近日，Kura Oncology公司公布了ziftomenib联合标准治疗，包括阿糖胞苷/达柔比星（7+3）和维奈托克/阿扎胞苷（ven/aza），治疗NPM1突变型（NPM1-m）和KMT2A重排型（KMT2A-r）急性髓系白血病（AML）患者的1期临床试验的初步数据。
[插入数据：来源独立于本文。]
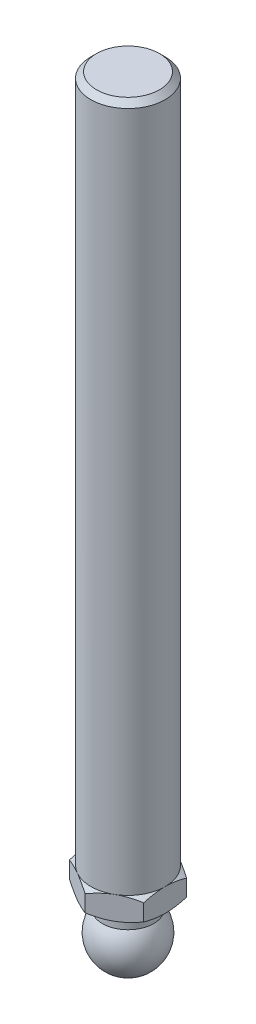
ISO-10303-21;
HEADER;
FILE_DESCRIPTION(('STEP AP214'),'2;1');
FILE_NAME('part.step','',(''),(''),'','','');
FILE_SCHEMA(('AUTOMOTIVE_DESIGN { 1 0 10303 214 1 1 1 1 }'));
ENDSEC;
DATA;
#1=APPLICATION_CONTEXT('core data for automotive mechanical design processes');
#2=APPLICATION_PROTOCOL_DEFINITION('international standard','automotive_design',2000,#1);
#3=PRODUCT_CONTEXT('',#1,'mechanical');
#4=PRODUCT('Part','Part','',(#3));
#5=PRODUCT_RELATED_PRODUCT_CATEGORY('part','',(#4));
#6=PRODUCT_DEFINITION_FORMATION('','',#4);
#7=PRODUCT_DEFINITION_CONTEXT('part definition',#1,'design');
#8=PRODUCT_DEFINITION('design','',#6,#7);
#9=PRODUCT_DEFINITION_SHAPE('','',#8);
#10=(LENGTH_UNIT() NAMED_UNIT(*) SI_UNIT(.MILLI.,.METRE.));
#11=(NAMED_UNIT(*) PLANE_ANGLE_UNIT() SI_UNIT($,.RADIAN.));
#12=(NAMED_UNIT(*) SI_UNIT($,.STERADIAN.) SOLID_ANGLE_UNIT());
#13=UNCERTAINTY_MEASURE_WITH_UNIT(LENGTH_MEASURE(1.E-05),#10,'distance_accuracy_value','');
#14=(GEOMETRIC_REPRESENTATION_CONTEXT(3) GLOBAL_UNCERTAINTY_ASSIGNED_CONTEXT((#13)) GLOBAL_UNIT_ASSIGNED_CONTEXT((#10,
#11,#12)) REPRESENTATION_CONTEXT('',''));
#15=CARTESIAN_POINT('',(0.,0.,0.));
#16=DIRECTION('',(0.,0.,1.));
#17=DIRECTION('',(1.,0.,0.));
#18=AXIS2_PLACEMENT_3D('',#15,#16,#17);
#19=CARTESIAN_POINT('',(0.,7.,0.));
#20=DIRECTION('',(0.,-1.,0.));
#21=DIRECTION('',(-1.,0.,0.));
#22=AXIS2_PLACEMENT_3D('',#19,#20,#21);
#23=SPHERICAL_SURFACE('',#22,7.);
#24=CARTESIAN_POINT('',(-9.71445146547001E-13,0.,0.));
#25=VERTEX_POINT('',#24);
#26=VERTEX_LOOP('',#25);
#27=FACE_BOUND('',#26,.T.);
#28=CARTESIAN_POINT('',(0.,11.3301270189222,0.));
#29=DIRECTION('',(0.,-1.,0.));
#30=DIRECTION('',(0.,0.,-1.));
#31=AXIS2_PLACEMENT_3D('',#28,#29,#30);
#32=CIRCLE('',#31,5.5);
#33=CARTESIAN_POINT('',(0.,11.3301270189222,-5.5));
#34=VERTEX_POINT('',#33);
#35=EDGE_CURVE('E9',#34,#34,#32,.T.);
#36=ORIENTED_EDGE('',*,*,#35,.T.);
#37=EDGE_LOOP('',(#36));
#38=FACE_BOUND('',#37,.T.);
#39=ADVANCED_FACE('F14',(#27,#38),#23,.T.);
#40=CARTESIAN_POINT('',(0.,0.,0.));
#41=DIRECTION('',(0.,-1.,0.));
#42=DIRECTION('',(0.,0.,-1.));
#43=AXIS2_PLACEMENT_3D('',#40,#41,#42);
#44=CYLINDRICAL_SURFACE('',#43,5.5);
#45=ORIENTED_EDGE('',*,*,#35,.F.);
#46=EDGE_LOOP('',(#45));
#47=FACE_BOUND('',#46,.T.);
#48=CARTESIAN_POINT('',(0.,14.5,0.));
#49=DIRECTION('',(0.,-1.,0.));
#50=DIRECTION('',(0.,0.,-1.));
#51=AXIS2_PLACEMENT_3D('',#48,#49,#50);
#52=CIRCLE('',#51,5.5);
#53=CARTESIAN_POINT('',(0.,14.5,-5.5));
#54=VERTEX_POINT('',#53);
#55=EDGE_CURVE('E146',#54,#54,#52,.T.);
#56=ORIENTED_EDGE('',*,*,#55,.T.);
#57=EDGE_LOOP('',(#56));
#58=FACE_BOUND('',#57,.T.);
#59=ADVANCED_FACE('F251',(#47,#58),#44,.T.);
#60=CARTESIAN_POINT('',(8.,14.5,0.));
#61=DIRECTION('',(0.,1.,0.));
#62=DIRECTION('',(0.,0.,1.));
#63=AXIS2_PLACEMENT_3D('',#60,#61,#62);
#64=PLANE('',#63);
#65=ORIENTED_EDGE('',*,*,#55,.F.);
#66=EDGE_LOOP('',(#65));
#67=FACE_BOUND('',#66,.T.);
#68=CARTESIAN_POINT('',(0.,14.5,0.));
#69=DIRECTION('',(0.,-1.,0.));
#70=DIRECTION('',(0.,0.,-1.));
#71=AXIS2_PLACEMENT_3D('',#68,#69,#70);
#72=CIRCLE('',#71,8.);
#73=CARTESIAN_POINT('',(4.,14.5,-6.92820323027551));
#74=VERTEX_POINT('',#73);
#75=CARTESIAN_POINT('',(8.,14.5,0.));
#76=VERTEX_POINT('',#75);
#77=EDGE_CURVE('E145',#74,#76,#72,.T.);
#78=ORIENTED_EDGE('',*,*,#77,.T.);
#79=CARTESIAN_POINT('',(4.,14.5,6.92820323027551));
#80=VERTEX_POINT('',#79);
#81=EDGE_CURVE('E141',#76,#80,#72,.T.);
#82=ORIENTED_EDGE('',*,*,#81,.T.);
#83=CARTESIAN_POINT('',(-4.,14.5,6.92820323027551));
#84=VERTEX_POINT('',#83);
#85=EDGE_CURVE('E144',#80,#84,#72,.T.);
#86=ORIENTED_EDGE('',*,*,#85,.T.);
#87=CARTESIAN_POINT('',(-8.,14.5,0.));
#88=VERTEX_POINT('',#87);
#89=EDGE_CURVE('E212',#84,#88,#72,.T.);
#90=ORIENTED_EDGE('',*,*,#89,.T.);
#91=CARTESIAN_POINT('',(-4.,14.5,-6.92820323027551));
#92=VERTEX_POINT('',#91);
#93=EDGE_CURVE('E215',#88,#92,#72,.T.);
#94=ORIENTED_EDGE('',*,*,#93,.T.);
#95=EDGE_CURVE('E220',#92,#74,#72,.T.);
#96=ORIENTED_EDGE('',*,*,#95,.T.);
#97=EDGE_LOOP('',(#78,#82,#86,#90,#94,#96));
#98=FACE_BOUND('',#97,.T.);
#99=ADVANCED_FACE('F222',(#67,#98),#64,.F.);
#100=CARTESIAN_POINT('',(0.,17.,0.));
#101=DIRECTION('',(0.,1.,0.));
#102=DIRECTION('',(0.,0.,1.));
#103=AXIS2_PLACEMENT_3D('',#100,#101,#102);
#104=CONICAL_SURFACE('',#103,12.3301270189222,1.0471975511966);
#105=CARTESIAN_POINT('',(-8.,19.285548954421,-14.1889203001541));
#106=CARTESIAN_POINT('',(-8.,19.1157216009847,-13.851186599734));
#107=CARTESIAN_POINT('',(-8.,18.9470198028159,-13.5128811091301));
#108=CARTESIAN_POINT('',(-8.,18.6124136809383,-12.8348638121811));
#109=CARTESIAN_POINT('',(-8.,18.446509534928,-12.4951519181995));
#110=CARTESIAN_POINT('',(-8.,18.1177477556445,-11.8134403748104));
#111=CARTESIAN_POINT('',(-8.,17.9548966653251,-11.4714375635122));
#112=CARTESIAN_POINT('',(-8.,17.6333333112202,-10.7854960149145));
#113=CARTESIAN_POINT('',(-8.,17.4746209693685,-10.4415573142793));
#114=CARTESIAN_POINT('',(-8.,17.1550497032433,-9.7353527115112));
#115=CARTESIAN_POINT('',(-8.,16.9944328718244,-9.37297690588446));
#116=CARTESIAN_POINT('',(-8.,16.680226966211,-8.64516064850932));
#117=CARTESIAN_POINT('',(-8.,16.5266382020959,-8.27972006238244));
#118=CARTESIAN_POINT('',(-8.,16.2285062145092,-7.54540420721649));
#119=CARTESIAN_POINT('',(-8.,16.0839575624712,-7.17653115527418));
#120=CARTESIAN_POINT('',(-8.,15.8063691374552,-6.43449862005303));
#121=CARTESIAN_POINT('',(-8.,15.6733281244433,-6.06133960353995));
#122=CARTESIAN_POINT('',(-8.,15.394180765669,-5.22677195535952));
#123=CARTESIAN_POINT('',(-8.,15.2517108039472,-4.7641292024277));
#124=CARTESIAN_POINT('',(-8.,14.9966536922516,-3.83044032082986));
#125=CARTESIAN_POINT('',(-8.,14.884064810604,-3.35939468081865));
#126=CARTESIAN_POINT('',(-8.,14.7453718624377,-2.65118427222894));
#127=CARTESIAN_POINT('',(-8.,14.7044045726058,-2.41690742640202));
#128=CARTESIAN_POINT('',(-8.,14.6329876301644,-1.94676929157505));
#129=CARTESIAN_POINT('',(-8.,14.6025364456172,-1.7109082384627));
#130=CARTESIAN_POINT('',(-8.,14.5530553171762,-1.23805721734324));
#131=CARTESIAN_POINT('',(-8.,14.5340217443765,-1.00106763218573));
#132=CARTESIAN_POINT('',(-8.,14.5079793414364,-0.52642336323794));
#133=CARTESIAN_POINT('',(-8.,14.500970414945,-0.288768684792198));
#134=CARTESIAN_POINT('',(-8.,14.4992116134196,0.188309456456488));
#135=CARTESIAN_POINT('',(-8.,14.5045509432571,0.427733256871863));
#136=CARTESIAN_POINT('',(-8.,14.5274871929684,0.905988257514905));
#137=CARTESIAN_POINT('',(-8.,14.5450842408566,1.1448194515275));
#138=CARTESIAN_POINT('',(-8.,14.5919591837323,1.62141631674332));
#139=CARTESIAN_POINT('',(-8.,14.6212415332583,1.85918154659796));
#140=CARTESIAN_POINT('',(-8.,14.6905925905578,2.33311174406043));
#141=CARTESIAN_POINT('',(-8.,14.7306614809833,2.56927668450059));
#142=CARTESIAN_POINT('',(-8.,14.8670437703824,3.28330816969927));
#143=CARTESIAN_POINT('',(-8.,14.9786420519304,3.75830022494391));
#144=CARTESIAN_POINT('',(-8.,15.169124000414,4.46428489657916));
#145=CARTESIAN_POINT('',(-8.,15.2364734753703,4.69855285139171));
#146=CARTESIAN_POINT('',(-8.,15.3778224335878,5.16507806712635));
#147=CARTESIAN_POINT('',(-8.,15.4518216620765,5.3973354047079));
#148=CARTESIAN_POINT('',(-8.,15.654376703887,6.0070580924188));
#149=CARTESIAN_POINT('',(-8.,15.7876997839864,6.38293491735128));
#150=CARTESIAN_POINT('',(-8.,16.0661205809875,7.13030495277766));
#151=CARTESIAN_POINT('',(-8.,16.2112196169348,7.50179766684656));
#152=CARTESIAN_POINT('',(-8.,16.5106611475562,8.2412884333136));
#153=CARTESIAN_POINT('',(-8.,16.6650093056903,8.60928418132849));
#154=CARTESIAN_POINT('',(-8.,16.9808780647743,9.34215095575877));
#155=CARTESIAN_POINT('',(-8.,17.1423983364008,9.7070221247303));
#156=CARTESIAN_POINT('',(-8.,17.4637771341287,10.4179250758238));
#157=CARTESIAN_POINT('',(-8.,17.6233869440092,10.7640696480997));
#158=CARTESIAN_POINT('',(-8.,17.9468132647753,11.4543922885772));
#159=CARTESIAN_POINT('',(-8.,18.1106298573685,11.7985703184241));
#160=CARTESIAN_POINT('',(-8.,18.441361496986,12.4845836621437));
#161=CARTESIAN_POINT('',(-8.,18.6082696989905,12.8264222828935));
#162=CARTESIAN_POINT('',(-8.,18.9449220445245,13.5086735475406));
#163=CARTESIAN_POINT('',(-8.,19.1146660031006,13.8490862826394));
#164=CARTESIAN_POINT('',(-8.,19.285548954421,14.1889203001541));
#165=B_SPLINE_CURVE_WITH_KNOTS('',3,(#105,#106,#107,#108,#109,#110,#111,#112,#113,#114,#115,
#116,#117,#118,#119,#120,#121,#122,#123,#124,#125,#126,#127,#128,#129,#130,#131,#132,#133,#134,
#135,#136,#137,#138,#139,#140,#141,#142,#143,#144,#145,#146,#147,#148,#149,#150,#151,#152,#153,
#154,#155,#156,#157,#158,#159,#160,#161,#162,#163,#164),.UNSPECIFIED.,.F.,.F.,(4,2,2,2,2,2,2,2,
2,2,2,2,2,2,2,2,2,2,2,2,2,2,2,2,2,2,2,2,2,4),(0.,1.13409047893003,2.2682527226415,
3.40461779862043,4.54096142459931,5.7300307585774,6.91915250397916,8.1075531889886,
9.29582565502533,10.7473798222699,12.1988498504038,12.9121466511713,13.6253394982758,
14.3383055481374,15.0512658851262,15.7693927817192,16.4875271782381,17.2059355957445,
17.9243561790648,19.3864869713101,20.1177019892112,20.8488890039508,22.0450800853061,
23.2414053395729,24.4384707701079,25.6354812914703,26.7789606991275,27.9224623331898,
29.063679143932,30.2048218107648),.UNSPECIFIED.);
#166=CARTESIAN_POINT('',(-8.,15.2145311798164,4.61880215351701));
#167=VERTEX_POINT('',#166);
#168=EDGE_CURVE('E157',#88,#167,#165,.T.);
#169=ORIENTED_EDGE('',*,*,#168,.F.);
#170=ORIENTED_EDGE('',*,*,#89,.F.);
#171=CARTESIAN_POINT('',(-8.0002,15.214597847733,4.61868668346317));
#172=CARTESIAN_POINT('',(-7.82435121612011,15.1559907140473,4.7202130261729));
#173=CARTESIAN_POINT('',(-7.64784680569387,15.1000434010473,4.82211789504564));
#174=CARTESIAN_POINT('',(-7.29340453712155,14.9942010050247,5.02675523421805));
#175=CARTESIAN_POINT('',(-7.11546609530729,14.9443085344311,5.1294880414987));
#176=CARTESIAN_POINT('',(-6.57880176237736,14.8046927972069,5.43933133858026));
#177=CARTESIAN_POINT('',(-6.21795741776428,14.7252811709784,5.64766491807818));
#178=CARTESIAN_POINT('',(-5.67796082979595,14.6321616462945,5.95943209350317));
#179=CARTESIAN_POINT('',(-5.50042181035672,14.6056345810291,6.06193429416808));
#180=CARTESIAN_POINT('',(-5.1445408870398,14.5611531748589,6.26740224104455));
#181=CARTESIAN_POINT('',(-4.96619905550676,14.5431980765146,6.37036794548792));
#182=CARTESIAN_POINT('',(-4.60920831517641,14.5163156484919,6.57647664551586));
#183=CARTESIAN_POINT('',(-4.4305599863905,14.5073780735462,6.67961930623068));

结果显示，在新诊断的NPM1-m型和KMT2A-r型AML患者中，接受ziftomenib联合7+3治疗的完全缓解（CR）率为100%；未接受过menin抑制剂治疗的难治/复发（R/R）性AML患者接受ziftomenib联合ven/aza治疗，CR/完全缓解伴部分血液学恢复（CRh）率为56%。

首批20名患者于2023年7月至2023年11月期间入组1期研究KOMET-007，包括5名新确诊的具有不良风险的NPM1-m型或KMT2A-r型AML患者和15名R/R NPM1-m型或KMT2A-r型AML患者。

截至2024年1月11日的数据，所有接受ziftomenib联用7+3治疗的新诊断患者均获得CR且血细胞计数完全恢复，CR率为100%（5/5），其中包括4名NPM1-m型AML患者和1名KMT2A-r型AML患者。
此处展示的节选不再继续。